* **RECORDS SUPPLIED**
□ □ □

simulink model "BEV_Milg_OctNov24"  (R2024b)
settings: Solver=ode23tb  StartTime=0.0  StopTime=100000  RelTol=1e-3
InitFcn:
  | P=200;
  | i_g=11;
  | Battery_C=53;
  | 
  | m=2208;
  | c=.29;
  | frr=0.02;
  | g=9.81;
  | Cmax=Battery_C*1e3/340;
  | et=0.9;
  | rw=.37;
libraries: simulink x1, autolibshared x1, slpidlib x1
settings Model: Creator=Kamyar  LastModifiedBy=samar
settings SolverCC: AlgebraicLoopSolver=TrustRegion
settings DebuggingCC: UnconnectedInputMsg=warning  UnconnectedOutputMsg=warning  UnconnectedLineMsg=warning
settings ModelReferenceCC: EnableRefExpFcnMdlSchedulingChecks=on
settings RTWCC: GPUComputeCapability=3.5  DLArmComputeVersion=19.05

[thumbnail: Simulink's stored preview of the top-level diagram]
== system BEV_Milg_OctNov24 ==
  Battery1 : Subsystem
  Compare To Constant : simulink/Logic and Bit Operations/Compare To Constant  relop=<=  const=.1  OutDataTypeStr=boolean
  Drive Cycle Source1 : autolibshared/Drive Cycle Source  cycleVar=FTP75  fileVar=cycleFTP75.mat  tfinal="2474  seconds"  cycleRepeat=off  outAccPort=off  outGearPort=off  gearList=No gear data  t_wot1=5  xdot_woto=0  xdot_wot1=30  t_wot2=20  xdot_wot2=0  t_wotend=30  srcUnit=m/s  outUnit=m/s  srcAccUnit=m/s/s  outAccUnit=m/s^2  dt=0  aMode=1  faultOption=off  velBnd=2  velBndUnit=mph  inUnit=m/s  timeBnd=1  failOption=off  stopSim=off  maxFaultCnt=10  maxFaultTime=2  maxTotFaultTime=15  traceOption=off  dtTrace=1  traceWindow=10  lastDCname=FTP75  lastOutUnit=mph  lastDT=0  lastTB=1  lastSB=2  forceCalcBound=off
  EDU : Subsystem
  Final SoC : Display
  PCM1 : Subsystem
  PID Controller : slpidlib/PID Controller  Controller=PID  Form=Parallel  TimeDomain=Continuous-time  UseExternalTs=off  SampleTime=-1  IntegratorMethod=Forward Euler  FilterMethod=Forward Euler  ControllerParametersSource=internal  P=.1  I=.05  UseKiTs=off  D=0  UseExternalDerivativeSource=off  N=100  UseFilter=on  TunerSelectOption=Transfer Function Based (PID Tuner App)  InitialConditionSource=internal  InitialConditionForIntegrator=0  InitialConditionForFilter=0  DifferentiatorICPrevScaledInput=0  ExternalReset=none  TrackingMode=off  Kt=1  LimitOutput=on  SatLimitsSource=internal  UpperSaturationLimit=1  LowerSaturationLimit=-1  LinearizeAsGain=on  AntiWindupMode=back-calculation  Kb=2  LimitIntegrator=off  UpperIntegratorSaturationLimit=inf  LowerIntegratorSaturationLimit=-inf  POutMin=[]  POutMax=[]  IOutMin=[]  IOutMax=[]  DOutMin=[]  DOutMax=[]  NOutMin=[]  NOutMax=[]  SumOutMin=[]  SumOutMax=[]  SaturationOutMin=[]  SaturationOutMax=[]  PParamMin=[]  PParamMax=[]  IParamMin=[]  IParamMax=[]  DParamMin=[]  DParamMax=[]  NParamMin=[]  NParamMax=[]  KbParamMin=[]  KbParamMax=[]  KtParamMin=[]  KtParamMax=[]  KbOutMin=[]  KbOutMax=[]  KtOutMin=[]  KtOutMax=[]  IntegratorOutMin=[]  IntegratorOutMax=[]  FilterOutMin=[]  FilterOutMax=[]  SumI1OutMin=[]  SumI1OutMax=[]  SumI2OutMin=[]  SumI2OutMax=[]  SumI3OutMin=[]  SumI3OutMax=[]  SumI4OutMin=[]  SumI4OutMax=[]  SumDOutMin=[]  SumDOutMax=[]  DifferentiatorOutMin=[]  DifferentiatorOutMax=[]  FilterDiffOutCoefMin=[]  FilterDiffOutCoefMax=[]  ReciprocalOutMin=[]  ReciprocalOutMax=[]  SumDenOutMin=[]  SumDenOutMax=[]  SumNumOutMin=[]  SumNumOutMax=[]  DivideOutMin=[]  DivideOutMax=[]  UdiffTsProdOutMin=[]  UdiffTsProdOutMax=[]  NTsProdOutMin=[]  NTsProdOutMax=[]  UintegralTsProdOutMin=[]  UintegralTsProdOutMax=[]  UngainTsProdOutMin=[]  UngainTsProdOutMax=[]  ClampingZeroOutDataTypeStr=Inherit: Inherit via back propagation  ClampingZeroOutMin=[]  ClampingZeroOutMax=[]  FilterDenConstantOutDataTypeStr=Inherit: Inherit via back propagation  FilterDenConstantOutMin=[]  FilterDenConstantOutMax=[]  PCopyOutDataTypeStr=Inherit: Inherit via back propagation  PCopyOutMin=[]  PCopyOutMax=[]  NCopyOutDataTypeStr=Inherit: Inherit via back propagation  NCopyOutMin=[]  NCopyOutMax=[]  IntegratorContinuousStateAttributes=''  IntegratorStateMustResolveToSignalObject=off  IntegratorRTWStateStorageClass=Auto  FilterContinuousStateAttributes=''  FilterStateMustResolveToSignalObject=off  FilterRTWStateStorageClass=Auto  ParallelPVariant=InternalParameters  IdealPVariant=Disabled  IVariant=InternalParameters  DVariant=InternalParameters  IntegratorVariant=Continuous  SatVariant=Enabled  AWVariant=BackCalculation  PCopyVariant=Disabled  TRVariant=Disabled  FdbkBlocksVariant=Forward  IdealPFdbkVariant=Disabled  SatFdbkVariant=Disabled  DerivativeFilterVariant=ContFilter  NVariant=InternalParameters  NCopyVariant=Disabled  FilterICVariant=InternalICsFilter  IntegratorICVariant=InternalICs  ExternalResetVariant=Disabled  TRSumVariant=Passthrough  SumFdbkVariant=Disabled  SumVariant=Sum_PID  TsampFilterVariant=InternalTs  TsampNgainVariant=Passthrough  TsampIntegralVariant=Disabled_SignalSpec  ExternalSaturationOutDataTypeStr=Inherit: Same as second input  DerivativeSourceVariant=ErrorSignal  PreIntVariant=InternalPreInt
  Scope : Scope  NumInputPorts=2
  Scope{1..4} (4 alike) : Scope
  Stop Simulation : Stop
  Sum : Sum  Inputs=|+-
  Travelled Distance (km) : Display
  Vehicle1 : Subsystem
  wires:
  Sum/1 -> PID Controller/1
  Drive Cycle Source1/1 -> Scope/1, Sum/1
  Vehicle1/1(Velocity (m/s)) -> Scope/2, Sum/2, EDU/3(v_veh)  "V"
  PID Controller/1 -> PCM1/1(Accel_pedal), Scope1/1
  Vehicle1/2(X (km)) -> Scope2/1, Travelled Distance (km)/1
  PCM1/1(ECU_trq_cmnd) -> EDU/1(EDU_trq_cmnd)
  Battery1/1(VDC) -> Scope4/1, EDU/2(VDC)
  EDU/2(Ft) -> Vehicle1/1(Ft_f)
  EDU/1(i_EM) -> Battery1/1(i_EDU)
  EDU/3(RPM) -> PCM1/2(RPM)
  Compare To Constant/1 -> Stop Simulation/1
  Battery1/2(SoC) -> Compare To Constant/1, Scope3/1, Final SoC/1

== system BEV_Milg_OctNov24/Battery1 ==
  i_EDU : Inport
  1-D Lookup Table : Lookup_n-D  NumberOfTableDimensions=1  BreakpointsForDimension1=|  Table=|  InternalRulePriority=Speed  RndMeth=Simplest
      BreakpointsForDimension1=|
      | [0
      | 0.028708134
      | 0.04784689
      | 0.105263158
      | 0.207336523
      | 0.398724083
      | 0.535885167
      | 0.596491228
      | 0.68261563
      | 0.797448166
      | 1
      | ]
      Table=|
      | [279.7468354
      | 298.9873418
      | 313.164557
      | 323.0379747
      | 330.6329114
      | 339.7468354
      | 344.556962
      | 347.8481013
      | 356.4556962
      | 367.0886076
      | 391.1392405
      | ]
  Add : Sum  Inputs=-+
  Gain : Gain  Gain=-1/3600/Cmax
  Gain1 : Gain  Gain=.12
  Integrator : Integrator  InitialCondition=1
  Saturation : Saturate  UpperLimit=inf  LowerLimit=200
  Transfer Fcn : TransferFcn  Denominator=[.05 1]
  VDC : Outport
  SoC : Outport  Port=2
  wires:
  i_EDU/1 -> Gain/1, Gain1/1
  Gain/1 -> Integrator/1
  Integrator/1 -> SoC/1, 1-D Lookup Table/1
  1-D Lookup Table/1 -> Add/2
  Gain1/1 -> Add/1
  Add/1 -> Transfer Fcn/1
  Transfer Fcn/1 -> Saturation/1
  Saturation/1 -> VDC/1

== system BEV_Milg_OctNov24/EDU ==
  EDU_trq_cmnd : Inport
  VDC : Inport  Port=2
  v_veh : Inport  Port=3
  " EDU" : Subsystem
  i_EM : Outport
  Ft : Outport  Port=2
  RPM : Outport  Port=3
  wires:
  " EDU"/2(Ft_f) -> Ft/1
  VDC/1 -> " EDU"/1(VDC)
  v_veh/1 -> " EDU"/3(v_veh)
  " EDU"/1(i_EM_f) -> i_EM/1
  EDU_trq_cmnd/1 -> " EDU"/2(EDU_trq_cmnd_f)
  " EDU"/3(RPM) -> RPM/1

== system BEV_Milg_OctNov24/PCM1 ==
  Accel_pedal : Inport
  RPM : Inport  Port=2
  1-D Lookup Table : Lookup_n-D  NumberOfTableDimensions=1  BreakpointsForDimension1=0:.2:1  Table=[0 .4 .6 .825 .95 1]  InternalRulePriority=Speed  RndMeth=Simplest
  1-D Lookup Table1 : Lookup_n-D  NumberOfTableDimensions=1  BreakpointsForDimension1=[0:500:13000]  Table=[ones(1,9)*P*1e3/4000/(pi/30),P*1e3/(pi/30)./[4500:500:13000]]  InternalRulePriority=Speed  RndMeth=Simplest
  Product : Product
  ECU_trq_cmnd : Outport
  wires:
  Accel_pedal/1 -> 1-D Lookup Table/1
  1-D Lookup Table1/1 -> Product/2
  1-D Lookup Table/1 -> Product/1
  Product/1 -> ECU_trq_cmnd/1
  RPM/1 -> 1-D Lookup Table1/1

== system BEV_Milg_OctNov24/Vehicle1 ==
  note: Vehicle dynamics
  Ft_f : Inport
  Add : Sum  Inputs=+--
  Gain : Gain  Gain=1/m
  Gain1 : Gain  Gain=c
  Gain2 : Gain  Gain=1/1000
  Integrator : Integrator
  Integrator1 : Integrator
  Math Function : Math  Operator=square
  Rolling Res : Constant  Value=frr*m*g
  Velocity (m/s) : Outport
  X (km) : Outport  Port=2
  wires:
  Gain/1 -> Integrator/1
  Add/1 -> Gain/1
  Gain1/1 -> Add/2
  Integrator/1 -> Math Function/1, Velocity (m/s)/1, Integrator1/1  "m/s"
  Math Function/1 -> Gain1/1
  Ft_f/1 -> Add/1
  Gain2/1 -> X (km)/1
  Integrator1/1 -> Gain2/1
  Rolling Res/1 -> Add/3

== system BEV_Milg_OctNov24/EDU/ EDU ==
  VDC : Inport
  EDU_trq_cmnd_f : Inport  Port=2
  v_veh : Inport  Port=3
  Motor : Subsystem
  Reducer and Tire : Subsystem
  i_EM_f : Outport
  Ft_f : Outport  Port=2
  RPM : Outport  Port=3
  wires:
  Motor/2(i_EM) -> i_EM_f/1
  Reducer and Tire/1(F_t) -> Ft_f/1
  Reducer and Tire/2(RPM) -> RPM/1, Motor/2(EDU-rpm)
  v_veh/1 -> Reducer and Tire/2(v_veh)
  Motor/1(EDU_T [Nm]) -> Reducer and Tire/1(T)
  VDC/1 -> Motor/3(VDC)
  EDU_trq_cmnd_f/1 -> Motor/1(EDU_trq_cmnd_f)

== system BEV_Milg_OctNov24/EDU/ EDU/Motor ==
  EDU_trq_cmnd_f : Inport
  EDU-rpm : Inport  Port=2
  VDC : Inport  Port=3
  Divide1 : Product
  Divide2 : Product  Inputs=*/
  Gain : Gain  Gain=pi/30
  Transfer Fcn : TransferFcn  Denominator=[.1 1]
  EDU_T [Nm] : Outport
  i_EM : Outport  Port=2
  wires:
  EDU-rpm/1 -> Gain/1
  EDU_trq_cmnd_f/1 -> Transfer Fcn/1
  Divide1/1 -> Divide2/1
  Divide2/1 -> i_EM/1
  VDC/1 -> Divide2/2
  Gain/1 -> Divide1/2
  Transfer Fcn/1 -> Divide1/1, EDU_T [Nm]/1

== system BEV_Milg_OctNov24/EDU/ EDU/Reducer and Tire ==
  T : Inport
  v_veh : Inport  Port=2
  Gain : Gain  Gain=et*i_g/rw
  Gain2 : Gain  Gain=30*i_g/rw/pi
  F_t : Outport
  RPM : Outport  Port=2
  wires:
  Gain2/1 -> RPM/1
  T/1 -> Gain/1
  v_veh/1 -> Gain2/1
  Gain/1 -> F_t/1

□ □ □

* **PROMPT**
Search the material for the word "Simulation" and copy each line where it occurs.

* **EXERCISE RESPONSE**
  Stop Simulation : Stop
  Compare To Constant/1 -> Stop Simulation/1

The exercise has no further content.